#### Task input

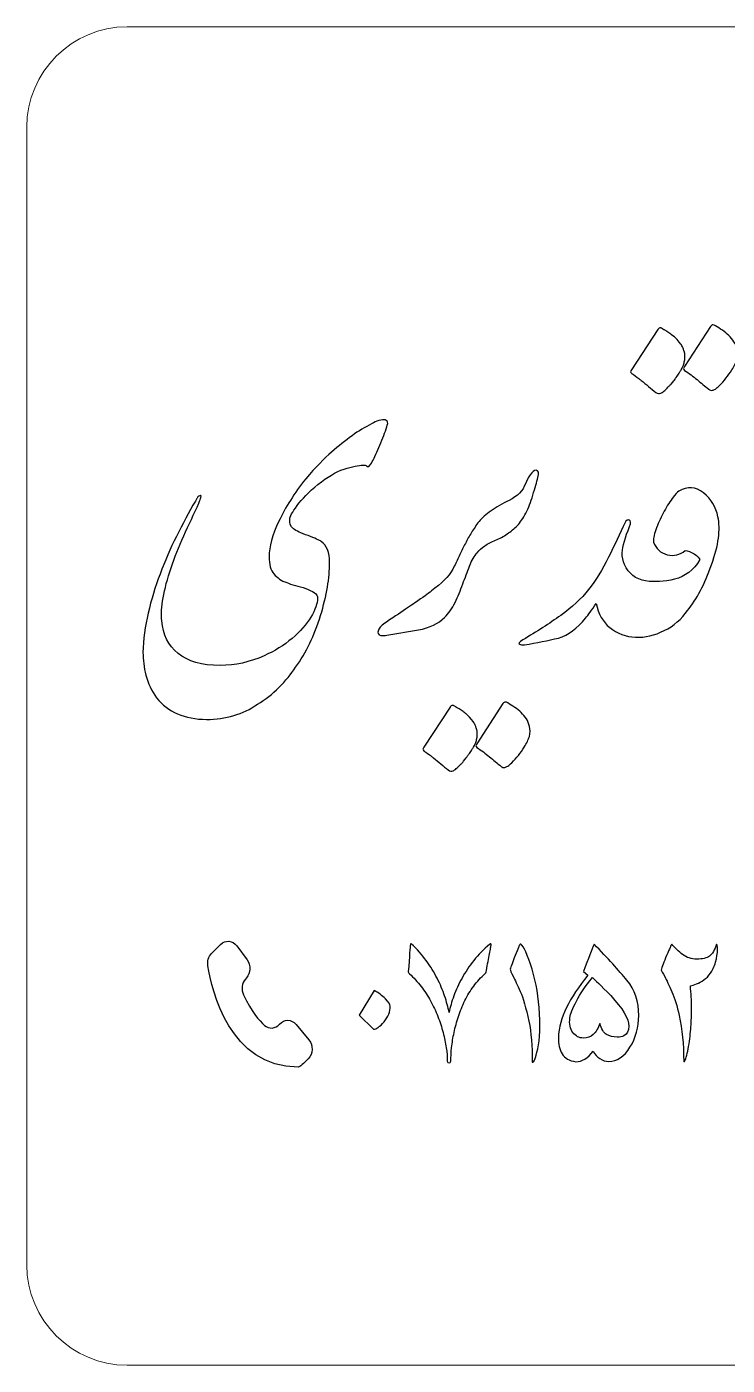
# Model space of a CAD drawing. Header units: millimetres. Extents: x -43.9 to -3.9, y -69.8 to -29.8.
# Drawn here: x -43.9 to -22.97, y -69.75 to -29.75 of the extents above; entities that cross this region are included whole.
import ezdxf

# ---------------------------------------------------------------- set-up
doc = ezdxf.new("R2010")
doc.units = ezdxf.units.MM
doc.header["$MEASUREMENT"] = 0
doc.layers.add('Layer 1', color=7, linetype='Continuous')

msp = doc.modelspace()

# ---------------------------------------------------------------- linework, layer by layer
at = {"layer": 'Layer 1', "color": 250, "lineweight": 18}
msp.add_open_spline([(-40.8954, -29.7531), (-40.8954, -29.7531), (-6.8954, -29.7531), (-6.8954, -29.7531), (-5.2431, -29.7531), (-3.8954, -31.1008), (-3.8954, -32.7531), (-3.8954, -32.7531), (-3.8954, -66.7531), (-3.8954, -66.7531), (-3.8954, -68.4054), (-5.2431, -69.7531), (-6.8954, -69.7531), (-6.8954, -69.7531), (-40.8954, -69.7531), (-40.8954, -69.7531), (-42.5477, -69.7531), (-43.8954, -68.4054), (-43.8954, -66.7531), (-43.8954, -66.7531), (-43.8954, -32.7531), (-43.8954, -32.7531), (-43.8954, -31.1008), (-42.5477, -29.7531), (-40.8954, -29.7531)], degree=3, knots=[0, 0, 0, 0, 0.125, 0.125, 0.125, 0.25, 0.25, 0.25, 0.375, 0.375, 0.375, 0.5, 0.5, 0.5, 0.625, 0.625, 0.625, 0.75, 0.75, 0.75, 0.875, 0.875, 0.875, 1, 1, 1, 1], dxfattribs=at)
at = {"layer": 'Layer 1', "color": 230}
for points, knots in [([(-24.2457, -39.4785), (-24.2457, -39.4925), (-24.244, -39.503), (-24.2404, -39.5101), (-24.2404, -39.5206), (-24.2387, -39.5294), (-24.2352, -39.5364), (-24.2352, -39.5434), (-24.2352, -39.5504), (-24.2334, -39.5592), (-24.2317, -39.568), (-24.2317, -39.575), (-24.2317, -39.582), (-24.2317, -39.582), (-24.2317, -39.654), (-24.2317, -39.654), (-24.2317, -39.661), (-24.2317, -39.6698), (-24.2334, -39.6804), (-24.2352, -39.6909), (-24.2352, -39.6997), (-24.2352, -39.7067), (-24.2352, -39.7067), (-24.251, -39.7681), (-24.251, -39.7681), (-24.251, -39.7752), (-24.2527, -39.7804), (-24.2545, -39.7839), (-24.2562, -39.7874), (-24.2562, -39.7927), (-24.2562, -39.7997), (-24.2562, -39.7997), (-24.2773, -39.8612), (-24.2773, -39.8612), (-24.2843, -39.8752), (-24.2896, -39.8893), (-24.2949, -39.9033), (-24.3001, -39.9156), (-24.3054, -39.9296), (-24.3124, -39.9437), (-24.3124, -39.9472), (-24.3142, -39.949), (-24.3159, -39.9507), (-24.3177, -39.9525), (-24.3177, -39.956), (-24.3177, -39.9595), (-24.3177, -39.9595), (-24.344, -40.0051), (-24.344, -40.0051), (-24.351, -40.0227), (-24.3598, -40.0367), (-24.3704, -40.049), (-24.3791, -40.0613), (-24.3879, -40.0736), (-24.3949, -40.0876), (-24.402, -40.0947), (-24.4055, -40.0999), (-24.4055, -40.1035), (-24.4055, -40.1035), (-24.4669, -40.1965), (-24.4669, -40.1965), (-24.4669, -40.1965), (-24.4932, -40.2334), (-24.4932, -40.2334), (-24.5003, -40.2386), (-24.5055, -40.2474), (-24.5108, -40.2579), (-24.5161, -40.2685), (-24.5231, -40.2773), (-24.5284, -40.2843), (-24.5424, -40.3053), (-24.5547, -40.3194), (-24.5652, -40.3299), (-24.5652, -40.3299), (-24.6477, -40.4335), (-24.6477, -40.4335), (-24.6548, -40.4388), (-24.6583, -40.4423), (-24.6583, -40.444), (-24.6653, -40.4511), (-24.6723, -40.4598), (-24.6811, -40.4704), (-24.6899, -40.4809), (-24.6987, -40.4897), (-24.7092, -40.4967), (-24.7092, -40.4967), (-24.7408, -40.5283), (-24.7408, -40.5283), (-24.7513, -40.5459), (-24.7636, -40.5599), (-24.7812, -40.5704), (-24.7812, -40.5704), (-24.8338, -40.6213), (-24.8338, -40.6213), (-24.8338, -40.6213), (-24.8584, -40.6424), (-24.8584, -40.6424), (-24.897, -40.674), (-24.9304, -40.6933), (-24.9567, -40.7039), (-24.9567, -40.7039), (-24.9883, -40.7144), (-24.9883, -40.7144), (-24.9883, -40.7144), (-25.0252, -40.7144), (-25.0252, -40.7144), (-25.0515, -40.7144), (-25.0761, -40.7039), (-25.0972, -40.6828), (-25.1727, -40.6249), (-25.2464, -40.5652), (-25.3166, -40.5037), (-25.3868, -40.4405), (-25.4623, -40.3808), (-25.5413, -40.3211), (-25.5659, -40.3018), (-25.5887, -40.2825), (-25.6133, -40.265), (-25.6853, -40.2105), (-25.7555, -40.1596), (-25.824, -40.114), (-25.8275, -40.114), (-25.8292, -40.1122), (-25.8292, -40.1087), (-25.8468, -40.0929), (-25.8556, -40.0771), (-25.8556, -40.0631), (-25.8556, -40.049), (-25.8468, -40.028), (-25.8292, -40.0016), (-25.8292, -40.0016), (-25.0392, -38.8008), (-25.0392, -38.8008), (-25.0392, -38.7973), (-25.0375, -38.7938), (-25.034, -38.7903), (-25.0111, -38.7587), (-24.9848, -38.7464), (-24.9567, -38.7534), (-24.9567, -38.7534), (-24.9532, -38.7552), (-24.9462, -38.7587), (-24.9427, -38.7587), (-24.9392, -38.7604), (-24.9374, -38.764), (-24.9374, -38.764), (-24.9005, -38.7798), (-24.9005, -38.7798), (-24.8935, -38.7868), (-24.8865, -38.7903), (-24.8795, -38.792), (-24.8725, -38.7938), (-24.8654, -38.7991), (-24.8584, -38.8061), (-24.8514, -38.8096), (-24.8461, -38.8131), (-24.8391, -38.8149), (-24.8321, -38.8184), (-24.8251, -38.8236), (-24.818, -38.8307), (-24.804, -38.8377), (-24.7899, -38.8465), (-24.7759, -38.857), (-24.7548, -38.871), (-24.7355, -38.8833), (-24.7145, -38.8956), (-24.6934, -38.9079), (-24.6723, -38.922), (-24.653, -38.9395), (-24.653, -38.9395), (-24.6319, -38.9553), (-24.6319, -38.9553), (-24.5775, -38.9957), (-24.5213, -39.0448), (-24.4616, -39.1028), (-24.4616, -39.1028), (-24.4002, -39.1765), (-24.4002, -39.1765), (-24.4002, -39.1765), (-24.3546, -39.238), (-24.3546, -39.238), (-24.33, -39.2713), (-24.3107, -39.3064), (-24.2984, -39.3398), (-24.2914, -39.3503), (-24.2843, -39.3661), (-24.2773, -39.3872), (-24.2773, -39.3872), (-24.2615, -39.4328), (-24.2615, -39.4328), (-24.258, -39.4363), (-24.2562, -39.4398), (-24.2562, -39.4434), (-24.2562, -39.4469), (-24.2545, -39.4521), (-24.251, -39.4592), (-24.251, -39.4697), (-24.2492, -39.475), (-24.2457, -39.4785)], [0, 0, 0, 0, 0.0151515, 0.0151515, 0.0151515, 0.030303, 0.030303, 0.030303, 0.0454545, 0.0454545, 0.0454545, 0.0606061, 0.0606061, 0.0606061, 0.0757576, 0.0757576, 0.0757576, 0.0909091, 0.0909091, 0.0909091, 0.1060606, 0.1060606, 0.1060606, 0.1212121, 0.1212121, 0.1212121, 0.1363636, 0.1363636, 0.1363636, 0.1515152, 0.1515152, 0.1515152, 0.1666667, 0.1666667, 0.1666667, 0.1818182, 0.1818182, 0.1818182, 0.1969697, 0.1969697, 0.1969697, 0.2121212, 0.2121212, 0.2121212, 0.2272727, 0.2272727, 0.2272727, 0.2424242, 0.2424242, 0.2424242, 0.2575758, 0.2575758, 0.2575758, 0.2727273, 0.2727273, 0.2727273, 0.2878788, 0.2878788, 0.2878788, 0.3030303, 0.3030303, 0.3030303, 0.3181818, 0.3181818, 0.3181818, 0.3333333, 0.3333333, 0.3333333, 0.3484848, 0.3484848, 0.3484848, 0.3636364, 0.3636364, 0.3636364, 0.3787879, 0.3787879, 0.3787879, 0.3939394, 0.3939394, 0.3939394, 0.4090909, 0.4090909, 0.4090909, 0.4242424, 0.4242424, 0.4242424, 0.4393939, 0.4393939, 0.4393939, 0.4545455, 0.4545455, 0.4545455, 0.469697, 0.469697, 0.469697, 0.4848485, 0.4848485, 0.4848485, 0.5, 0.5, 0.5, 0.5151515, 0.5151515, 0.5151515, 0.530303, 0.530303, 0.530303, 0.5454545, 0.5454545, 0.5454545, 0.5606061, 0.5606061, 0.5606061, 0.5757576, 0.5757576, 0.5757576, 0.5909091, 0.5909091, 0.5909091, 0.6060606, 0.6060606, 0.6060606, 0.6212121, 0.6212121, 0.6212121, 0.6363636, 0.6363636, 0.6363636, 0.6515152, 0.6515152, 0.6515152, 0.6666667, 0.6666667, 0.6666667, 0.6818182, 0.6818182, 0.6818182, 0.6969697, 0.6969697, 0.6969697, 0.7121212, 0.7121212, 0.7121212, 0.7272727, 0.7272727, 0.7272727, 0.7424242, 0.7424242, 0.7424242, 0.7575758, 0.7575758, 0.7575758, 0.7727273, 0.7727273, 0.7727273, 0.7878788, 0.7878788, 0.7878788, 0.8030303, 0.8030303, 0.8030303, 0.8181818, 0.8181818, 0.8181818, 0.8333333, 0.8333333, 0.8333333, 0.8484848, 0.8484848, 0.8484848, 0.8636364, 0.8636364, 0.8636364, 0.8787879, 0.8787879, 0.8787879, 0.8939394, 0.8939394, 0.8939394, 0.9090909, 0.9090909, 0.9090909, 0.9242424, 0.9242424, 0.9242424, 0.9393939, 0.9393939, 0.9393939, 0.9545455, 0.9545455, 0.9545455, 0.969697, 0.969697, 0.969697, 0.9848485, 0.9848485, 0.9848485, 1, 1, 1, 1]), ([(-22.6745, -39.3907), (-22.6464, -39.4855), (-22.6482, -39.5856), (-22.6762, -39.6891), (-22.7061, -39.791), (-22.757, -39.898), (-22.829, -40.0069), (-22.8869, -40.0964), (-22.9466, -40.1789), (-23.0063, -40.2562), (-23.066, -40.3334), (-23.1327, -40.4072), (-23.2047, -40.4756), (-23.2486, -40.523), (-23.2889, -40.5581), (-23.3223, -40.5792), (-23.3574, -40.5985), (-23.3855, -40.6126), (-23.4101, -40.6178), (-23.4346, -40.6213), (-23.454, -40.6213), (-23.4715, -40.6143), (-23.4891, -40.6073), (-23.5049, -40.5985), (-23.5172, -40.588), (-23.6383, -40.4932), (-23.7559, -40.3966), (-23.87, -40.2983), (-23.9859, -40.2), (-24.1105, -40.1087), (-24.2475, -40.0227), (-24.265, -39.9981), (-24.2738, -39.9806), (-24.2738, -39.9683), (-24.2738, -39.9577), (-24.265, -39.9367), (-24.2475, -39.9103), (-24.2475, -39.9103), (-23.4662, -38.706), (-23.4662, -38.706), (-23.4417, -38.6762), (-23.4188, -38.6604), (-23.3978, -38.6621), (-23.375, -38.6639), (-23.3504, -38.6744), (-23.3223, -38.6902), (-23.2538, -38.7324), (-23.1836, -38.7762), (-23.1134, -38.8219), (-23.0432, -38.8675), (-22.98, -38.9202), (-22.922, -38.9781), (-22.8623, -39.0378), (-22.8114, -39.0993), (-22.7675, -39.166), (-22.7219, -39.2327), (-22.692, -39.3082), (-22.6745, -39.3907)], [0, 0, 0, 0, 0.0526316, 0.0526316, 0.0526316, 0.1052632, 0.1052632, 0.1052632, 0.1578947, 0.1578947, 0.1578947, 0.2105263, 0.2105263, 0.2105263, 0.2631579, 0.2631579, 0.2631579, 0.3157895, 0.3157895, 0.3157895, 0.3684211, 0.3684211, 0.3684211, 0.4210526, 0.4210526, 0.4210526, 0.4736842, 0.4736842, 0.4736842, 0.5263158, 0.5263158, 0.5263158, 0.5789474, 0.5789474, 0.5789474, 0.6315789, 0.6315789, 0.6315789, 0.6842105, 0.6842105, 0.6842105, 0.7368421, 0.7368421, 0.7368421, 0.7894737, 0.7894737, 0.7894737, 0.8421053, 0.8421053, 0.8421053, 0.8947368, 0.8947368, 0.8947368, 0.9473684, 0.9473684, 0.9473684, 1, 1, 1, 1]), ([(-38.752, -43.9885), (-38.9029, -44.3115), (-39.0539, -44.6381), (-39.2066, -44.9681), (-39.3594, -45.2999), (-39.4858, -45.6159), (-39.5841, -45.9179), (-39.8071, -46.5903), (-39.9001, -47.1205), (-39.8632, -47.5067), (-39.8316, -47.9157), (-39.6701, -48.2388), (-39.3769, -48.4793), (-39.0838, -48.7198), (-38.6642, -48.8392), (-38.1182, -48.8392), (-37.667, -48.8392), (-37.2299, -48.7426), (-36.8068, -48.5512), (-36.4925, -48.4108), (-36.2134, -48.237), (-35.9694, -48.0316), (-35.7254, -47.8262), (-35.5375, -47.6138), (-35.4058, -47.3943), (-35.2742, -47.1749), (-35.2075, -46.9888), (-35.2075, -46.8378), (-35.204, -46.7693), (-35.2373, -46.7114), (-35.3075, -46.664), (-35.3778, -46.6148), (-35.4638, -46.5745), (-35.5621, -46.5394), (-35.6622, -46.506), (-35.7657, -46.4744), (-35.8711, -46.4481), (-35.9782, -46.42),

########

* [Requirement]: Check the records above and copy each line that has the string "units".

* [Answer to this exercise]:
# Model space of a CAD drawing. Header units: millimetres. Extents: x -43.9 to -3.9, y -69.8 to -29.8.
doc.units = ezdxf.units.MM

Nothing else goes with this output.